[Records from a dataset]

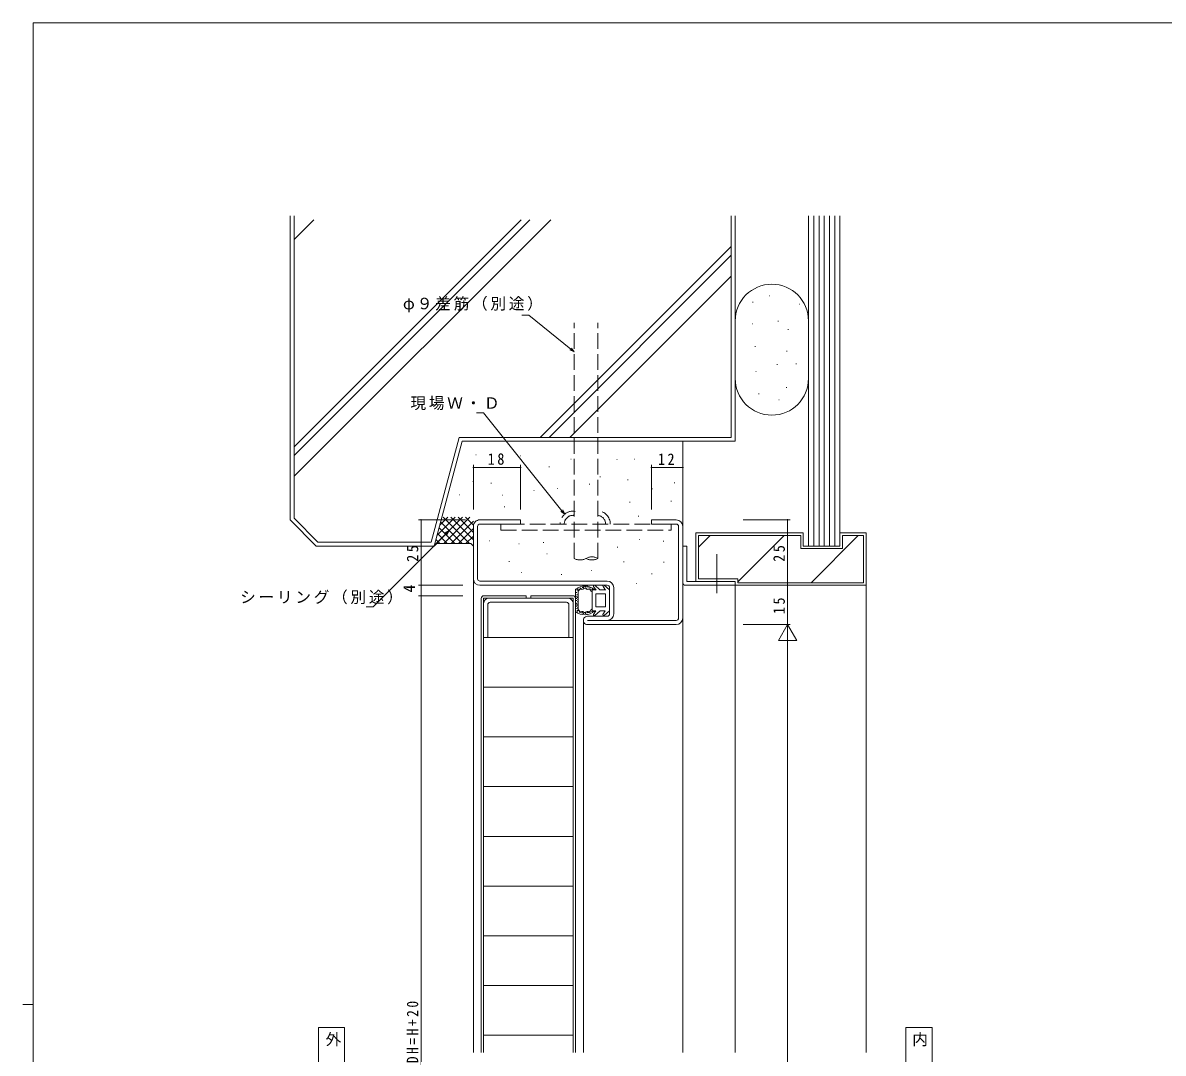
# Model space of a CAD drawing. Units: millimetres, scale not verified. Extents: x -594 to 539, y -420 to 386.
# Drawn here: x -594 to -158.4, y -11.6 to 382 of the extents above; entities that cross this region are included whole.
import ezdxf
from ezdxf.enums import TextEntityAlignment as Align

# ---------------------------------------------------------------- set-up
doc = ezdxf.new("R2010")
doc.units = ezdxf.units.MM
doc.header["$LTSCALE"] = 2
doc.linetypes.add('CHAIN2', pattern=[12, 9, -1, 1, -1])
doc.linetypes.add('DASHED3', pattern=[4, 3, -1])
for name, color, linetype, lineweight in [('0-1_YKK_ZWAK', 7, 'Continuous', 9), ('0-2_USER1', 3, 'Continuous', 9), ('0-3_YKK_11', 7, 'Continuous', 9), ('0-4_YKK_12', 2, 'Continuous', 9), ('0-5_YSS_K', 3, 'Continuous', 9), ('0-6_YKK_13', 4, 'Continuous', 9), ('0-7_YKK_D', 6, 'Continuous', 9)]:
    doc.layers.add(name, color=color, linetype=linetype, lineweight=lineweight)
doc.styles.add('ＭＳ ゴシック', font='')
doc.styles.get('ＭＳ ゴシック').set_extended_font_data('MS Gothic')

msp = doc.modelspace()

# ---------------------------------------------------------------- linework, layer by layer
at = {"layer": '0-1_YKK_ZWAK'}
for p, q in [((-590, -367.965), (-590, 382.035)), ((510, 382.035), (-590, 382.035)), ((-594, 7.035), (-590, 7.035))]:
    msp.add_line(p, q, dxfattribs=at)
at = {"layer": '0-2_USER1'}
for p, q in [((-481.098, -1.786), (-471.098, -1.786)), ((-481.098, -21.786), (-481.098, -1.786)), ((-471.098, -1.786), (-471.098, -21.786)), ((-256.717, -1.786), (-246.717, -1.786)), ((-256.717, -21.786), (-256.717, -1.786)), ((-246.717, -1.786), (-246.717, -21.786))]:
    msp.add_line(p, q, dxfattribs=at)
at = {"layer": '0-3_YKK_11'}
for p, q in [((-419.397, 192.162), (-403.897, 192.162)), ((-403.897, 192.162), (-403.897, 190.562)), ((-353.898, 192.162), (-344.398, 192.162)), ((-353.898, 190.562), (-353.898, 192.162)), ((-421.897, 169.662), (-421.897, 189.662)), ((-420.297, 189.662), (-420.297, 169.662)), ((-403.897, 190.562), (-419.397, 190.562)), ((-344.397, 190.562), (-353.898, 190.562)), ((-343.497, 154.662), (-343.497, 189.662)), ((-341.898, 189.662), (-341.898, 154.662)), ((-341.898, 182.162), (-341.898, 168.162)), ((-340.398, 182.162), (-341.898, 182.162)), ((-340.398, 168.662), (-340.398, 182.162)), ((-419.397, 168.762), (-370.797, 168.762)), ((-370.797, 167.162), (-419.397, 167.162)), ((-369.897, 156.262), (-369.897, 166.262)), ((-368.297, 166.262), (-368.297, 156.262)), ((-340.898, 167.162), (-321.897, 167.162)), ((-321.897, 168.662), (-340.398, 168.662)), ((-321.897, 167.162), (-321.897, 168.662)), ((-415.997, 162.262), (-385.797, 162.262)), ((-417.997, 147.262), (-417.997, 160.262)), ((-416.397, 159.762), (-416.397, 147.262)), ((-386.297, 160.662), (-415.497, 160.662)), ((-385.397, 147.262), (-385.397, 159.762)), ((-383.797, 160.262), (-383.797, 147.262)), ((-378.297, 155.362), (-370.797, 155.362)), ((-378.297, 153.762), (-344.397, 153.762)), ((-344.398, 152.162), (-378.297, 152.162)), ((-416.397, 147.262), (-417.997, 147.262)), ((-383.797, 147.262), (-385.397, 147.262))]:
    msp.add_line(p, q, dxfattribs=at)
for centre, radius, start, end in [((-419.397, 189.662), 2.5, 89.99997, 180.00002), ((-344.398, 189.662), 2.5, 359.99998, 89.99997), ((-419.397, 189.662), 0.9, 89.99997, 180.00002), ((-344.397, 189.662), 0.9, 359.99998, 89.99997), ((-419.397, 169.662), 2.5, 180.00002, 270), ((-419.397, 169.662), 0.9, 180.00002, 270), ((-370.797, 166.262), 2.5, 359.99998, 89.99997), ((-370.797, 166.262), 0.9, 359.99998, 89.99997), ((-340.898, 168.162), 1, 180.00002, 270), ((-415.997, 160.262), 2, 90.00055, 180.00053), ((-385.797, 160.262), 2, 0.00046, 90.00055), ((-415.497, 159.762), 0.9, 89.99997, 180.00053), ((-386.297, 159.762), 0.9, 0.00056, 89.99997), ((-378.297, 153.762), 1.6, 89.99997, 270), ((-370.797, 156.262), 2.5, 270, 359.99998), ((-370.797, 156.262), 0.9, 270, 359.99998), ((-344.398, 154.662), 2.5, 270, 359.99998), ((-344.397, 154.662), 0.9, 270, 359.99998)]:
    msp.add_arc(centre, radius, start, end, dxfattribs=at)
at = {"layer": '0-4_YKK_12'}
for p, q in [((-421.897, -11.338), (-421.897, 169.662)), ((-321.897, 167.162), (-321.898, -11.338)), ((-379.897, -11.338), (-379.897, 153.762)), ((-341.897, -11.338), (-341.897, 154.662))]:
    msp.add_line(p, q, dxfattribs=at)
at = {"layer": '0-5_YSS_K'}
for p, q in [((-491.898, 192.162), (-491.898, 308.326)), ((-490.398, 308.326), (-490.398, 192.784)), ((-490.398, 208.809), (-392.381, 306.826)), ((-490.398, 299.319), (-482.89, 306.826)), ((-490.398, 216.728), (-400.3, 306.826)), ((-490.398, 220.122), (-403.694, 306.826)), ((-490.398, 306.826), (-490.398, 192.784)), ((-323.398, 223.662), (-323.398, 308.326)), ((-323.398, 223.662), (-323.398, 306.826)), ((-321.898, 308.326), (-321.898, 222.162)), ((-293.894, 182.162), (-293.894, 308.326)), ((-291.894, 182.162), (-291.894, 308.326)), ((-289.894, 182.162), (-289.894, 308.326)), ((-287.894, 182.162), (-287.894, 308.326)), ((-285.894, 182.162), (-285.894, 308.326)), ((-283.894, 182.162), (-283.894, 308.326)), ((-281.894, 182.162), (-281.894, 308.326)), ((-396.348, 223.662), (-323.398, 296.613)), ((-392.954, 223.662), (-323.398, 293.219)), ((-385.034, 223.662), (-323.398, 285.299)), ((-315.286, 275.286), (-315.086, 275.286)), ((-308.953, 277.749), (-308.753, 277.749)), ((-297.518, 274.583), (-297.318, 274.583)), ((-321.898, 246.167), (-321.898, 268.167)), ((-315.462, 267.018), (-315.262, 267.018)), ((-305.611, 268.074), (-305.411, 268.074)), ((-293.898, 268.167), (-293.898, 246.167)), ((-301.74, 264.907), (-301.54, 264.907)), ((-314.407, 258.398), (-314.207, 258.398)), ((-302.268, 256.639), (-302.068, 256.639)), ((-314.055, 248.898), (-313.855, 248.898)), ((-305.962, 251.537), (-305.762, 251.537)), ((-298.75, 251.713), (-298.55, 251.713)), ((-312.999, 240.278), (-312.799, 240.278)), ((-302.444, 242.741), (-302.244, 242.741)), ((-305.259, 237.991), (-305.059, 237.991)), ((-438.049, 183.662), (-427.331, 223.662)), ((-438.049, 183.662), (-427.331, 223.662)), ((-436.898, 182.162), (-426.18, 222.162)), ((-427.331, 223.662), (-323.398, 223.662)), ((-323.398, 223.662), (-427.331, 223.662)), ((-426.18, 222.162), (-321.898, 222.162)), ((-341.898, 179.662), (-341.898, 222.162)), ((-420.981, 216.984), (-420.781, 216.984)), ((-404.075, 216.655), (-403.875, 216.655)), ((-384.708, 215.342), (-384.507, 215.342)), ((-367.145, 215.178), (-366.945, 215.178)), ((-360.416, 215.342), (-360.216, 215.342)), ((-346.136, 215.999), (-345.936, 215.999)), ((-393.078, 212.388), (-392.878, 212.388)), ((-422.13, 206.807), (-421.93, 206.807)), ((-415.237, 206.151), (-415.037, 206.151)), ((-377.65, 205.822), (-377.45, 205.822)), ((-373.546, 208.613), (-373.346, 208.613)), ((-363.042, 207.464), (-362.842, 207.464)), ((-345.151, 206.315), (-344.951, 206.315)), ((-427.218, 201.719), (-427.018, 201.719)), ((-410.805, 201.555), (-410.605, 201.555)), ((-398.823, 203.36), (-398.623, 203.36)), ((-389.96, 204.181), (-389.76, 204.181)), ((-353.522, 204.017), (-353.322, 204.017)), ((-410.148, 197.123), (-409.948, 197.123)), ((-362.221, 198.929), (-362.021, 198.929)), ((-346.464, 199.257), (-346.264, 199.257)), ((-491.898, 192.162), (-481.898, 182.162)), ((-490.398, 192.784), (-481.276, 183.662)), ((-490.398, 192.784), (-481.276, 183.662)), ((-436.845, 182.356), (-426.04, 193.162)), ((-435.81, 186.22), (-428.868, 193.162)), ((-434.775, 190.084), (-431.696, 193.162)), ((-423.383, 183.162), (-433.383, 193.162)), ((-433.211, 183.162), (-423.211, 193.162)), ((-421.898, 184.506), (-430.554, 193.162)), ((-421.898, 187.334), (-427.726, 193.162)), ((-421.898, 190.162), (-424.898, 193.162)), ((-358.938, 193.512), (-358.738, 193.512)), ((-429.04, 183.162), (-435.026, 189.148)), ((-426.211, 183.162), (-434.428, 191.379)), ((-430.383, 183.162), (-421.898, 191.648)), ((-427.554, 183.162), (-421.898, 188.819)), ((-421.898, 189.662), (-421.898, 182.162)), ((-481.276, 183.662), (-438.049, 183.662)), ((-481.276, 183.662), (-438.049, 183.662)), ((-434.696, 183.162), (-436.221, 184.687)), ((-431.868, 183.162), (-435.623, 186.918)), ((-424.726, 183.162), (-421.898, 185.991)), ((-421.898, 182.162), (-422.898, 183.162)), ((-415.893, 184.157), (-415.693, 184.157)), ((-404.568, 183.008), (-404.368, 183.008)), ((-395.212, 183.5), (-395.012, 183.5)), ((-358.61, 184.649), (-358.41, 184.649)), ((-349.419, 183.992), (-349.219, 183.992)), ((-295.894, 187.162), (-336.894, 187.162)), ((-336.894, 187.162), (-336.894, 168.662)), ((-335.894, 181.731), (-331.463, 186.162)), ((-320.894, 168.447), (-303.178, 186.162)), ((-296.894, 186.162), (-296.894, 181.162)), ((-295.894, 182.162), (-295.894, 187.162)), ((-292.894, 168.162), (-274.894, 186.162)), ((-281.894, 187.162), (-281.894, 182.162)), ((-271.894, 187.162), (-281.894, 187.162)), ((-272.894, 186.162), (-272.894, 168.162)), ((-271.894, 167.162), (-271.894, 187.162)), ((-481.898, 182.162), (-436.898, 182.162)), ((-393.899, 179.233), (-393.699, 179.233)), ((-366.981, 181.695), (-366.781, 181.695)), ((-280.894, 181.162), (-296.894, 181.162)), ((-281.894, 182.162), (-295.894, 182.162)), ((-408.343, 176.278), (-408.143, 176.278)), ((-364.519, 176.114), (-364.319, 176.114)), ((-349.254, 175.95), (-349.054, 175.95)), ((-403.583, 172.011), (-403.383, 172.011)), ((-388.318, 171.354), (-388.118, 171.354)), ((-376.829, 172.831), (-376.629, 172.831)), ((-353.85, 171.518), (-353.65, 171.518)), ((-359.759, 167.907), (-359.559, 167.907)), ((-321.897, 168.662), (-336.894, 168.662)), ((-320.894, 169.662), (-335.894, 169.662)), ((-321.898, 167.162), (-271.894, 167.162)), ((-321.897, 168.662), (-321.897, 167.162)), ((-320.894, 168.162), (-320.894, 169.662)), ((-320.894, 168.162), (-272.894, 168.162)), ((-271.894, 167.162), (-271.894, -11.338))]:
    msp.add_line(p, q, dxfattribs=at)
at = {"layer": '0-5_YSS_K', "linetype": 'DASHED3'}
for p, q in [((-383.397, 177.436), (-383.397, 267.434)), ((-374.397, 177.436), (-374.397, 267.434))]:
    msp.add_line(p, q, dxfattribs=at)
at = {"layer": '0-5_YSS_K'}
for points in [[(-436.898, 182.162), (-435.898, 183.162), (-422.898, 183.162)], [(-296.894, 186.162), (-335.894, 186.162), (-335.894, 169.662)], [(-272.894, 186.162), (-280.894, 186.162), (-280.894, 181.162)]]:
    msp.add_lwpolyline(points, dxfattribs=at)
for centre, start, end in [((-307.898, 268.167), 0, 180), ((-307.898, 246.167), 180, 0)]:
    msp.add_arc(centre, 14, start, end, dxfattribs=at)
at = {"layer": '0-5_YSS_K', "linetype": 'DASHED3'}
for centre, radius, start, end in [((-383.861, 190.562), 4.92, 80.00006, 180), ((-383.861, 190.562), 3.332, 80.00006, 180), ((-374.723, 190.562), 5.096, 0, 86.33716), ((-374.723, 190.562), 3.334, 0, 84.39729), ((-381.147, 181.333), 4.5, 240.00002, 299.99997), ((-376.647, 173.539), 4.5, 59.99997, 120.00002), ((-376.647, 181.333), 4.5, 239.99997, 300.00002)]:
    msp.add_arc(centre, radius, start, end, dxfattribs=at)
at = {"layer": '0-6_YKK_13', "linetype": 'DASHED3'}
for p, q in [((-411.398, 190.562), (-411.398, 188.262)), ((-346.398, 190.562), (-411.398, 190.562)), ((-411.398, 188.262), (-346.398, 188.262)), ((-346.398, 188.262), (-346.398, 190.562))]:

[Action item]
Reproduce the records word for word, please, from their first line up to and including the line that contains "doc.linetypes.add('CHAIN2', pattern=[12, 9, -1, 1, -1])", but no pictures.

[Exercise output]
# Model space of a CAD drawing. Units: millimetres, scale not verified. Extents: x -594 to 539, y -420 to 386.
# Drawn here: x -594 to -158.4, y -11.6 to 382 of the extents above; entities that cross this region are included whole.
import ezdxf
from ezdxf.enums import TextEntityAlignment as Align

# ---------------------------------------------------------------- set-up
doc = ezdxf.new("R2010")
doc.units = ezdxf.units.MM
doc.header["$LTSCALE"] = 2
doc.linetypes.add('CHAIN2', pattern=[12, 9, -1, 1, -1])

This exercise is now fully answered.